-- Material provided follows --

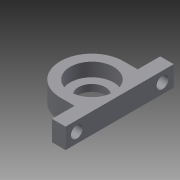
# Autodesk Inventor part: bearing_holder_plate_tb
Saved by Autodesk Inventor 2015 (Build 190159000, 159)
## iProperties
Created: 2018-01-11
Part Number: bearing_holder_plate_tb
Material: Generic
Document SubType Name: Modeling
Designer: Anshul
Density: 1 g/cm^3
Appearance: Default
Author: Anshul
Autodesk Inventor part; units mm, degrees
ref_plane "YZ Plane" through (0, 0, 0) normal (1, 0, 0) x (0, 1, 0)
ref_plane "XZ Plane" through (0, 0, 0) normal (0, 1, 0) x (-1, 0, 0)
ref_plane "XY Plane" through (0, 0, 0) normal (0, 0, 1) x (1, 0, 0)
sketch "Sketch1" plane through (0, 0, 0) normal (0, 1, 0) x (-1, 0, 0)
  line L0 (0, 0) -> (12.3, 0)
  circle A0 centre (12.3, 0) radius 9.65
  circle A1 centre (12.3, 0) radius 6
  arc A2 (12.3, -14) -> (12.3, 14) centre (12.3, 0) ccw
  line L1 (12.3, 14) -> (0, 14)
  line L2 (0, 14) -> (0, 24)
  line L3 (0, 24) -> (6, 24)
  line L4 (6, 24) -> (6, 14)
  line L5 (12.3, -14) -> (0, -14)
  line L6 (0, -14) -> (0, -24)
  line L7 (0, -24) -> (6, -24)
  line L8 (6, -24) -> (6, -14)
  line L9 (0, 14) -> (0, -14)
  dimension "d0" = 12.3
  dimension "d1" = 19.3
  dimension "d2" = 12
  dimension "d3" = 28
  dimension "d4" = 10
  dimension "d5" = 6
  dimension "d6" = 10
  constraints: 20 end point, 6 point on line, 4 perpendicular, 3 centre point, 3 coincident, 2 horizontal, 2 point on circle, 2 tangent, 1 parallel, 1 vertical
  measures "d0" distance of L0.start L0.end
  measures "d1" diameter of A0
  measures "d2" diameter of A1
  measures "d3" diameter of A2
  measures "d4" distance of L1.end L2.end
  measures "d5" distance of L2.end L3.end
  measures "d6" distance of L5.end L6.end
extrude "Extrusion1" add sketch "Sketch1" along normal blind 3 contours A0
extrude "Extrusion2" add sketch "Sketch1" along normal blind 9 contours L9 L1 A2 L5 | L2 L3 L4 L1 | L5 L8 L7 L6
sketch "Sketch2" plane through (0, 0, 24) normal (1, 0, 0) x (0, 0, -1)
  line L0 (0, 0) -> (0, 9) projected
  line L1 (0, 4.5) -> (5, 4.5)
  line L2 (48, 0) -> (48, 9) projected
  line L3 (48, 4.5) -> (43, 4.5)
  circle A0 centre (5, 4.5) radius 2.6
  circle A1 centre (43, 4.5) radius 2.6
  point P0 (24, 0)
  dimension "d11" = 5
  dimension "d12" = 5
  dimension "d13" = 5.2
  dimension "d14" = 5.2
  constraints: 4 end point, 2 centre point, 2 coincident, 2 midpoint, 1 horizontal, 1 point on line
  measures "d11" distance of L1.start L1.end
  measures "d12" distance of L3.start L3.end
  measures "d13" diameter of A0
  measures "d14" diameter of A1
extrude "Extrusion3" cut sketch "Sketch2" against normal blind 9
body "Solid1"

-- Material provided concluded --

*Task goal*
Lines from the one with "circle A1 centre (43, 4.5) radius 2.6" through the final line of the listing above should be duplicated word for word, and nothing else included.

*Problem solution*
  circle A1 centre (43, 4.5) radius 2.6
  point P0 (24, 0)
  dimension "d11" = 5
  dimension "d12" = 5
  dimension "d13" = 5.2
  dimension "d14" = 5.2
  constraints: 4 end point, 2 centre point, 2 coincident, 2 midpoint, 1 horizontal, 1 point on line
  measures "d11" distance of L1.start L1.end
  measures "d12" distance of L3.start L3.end
  measures "d13" diameter of A0
  measures "d14" diameter of A1
extrude "Extrusion3" cut sketch "Sketch2" against normal blind 9
body "Solid1"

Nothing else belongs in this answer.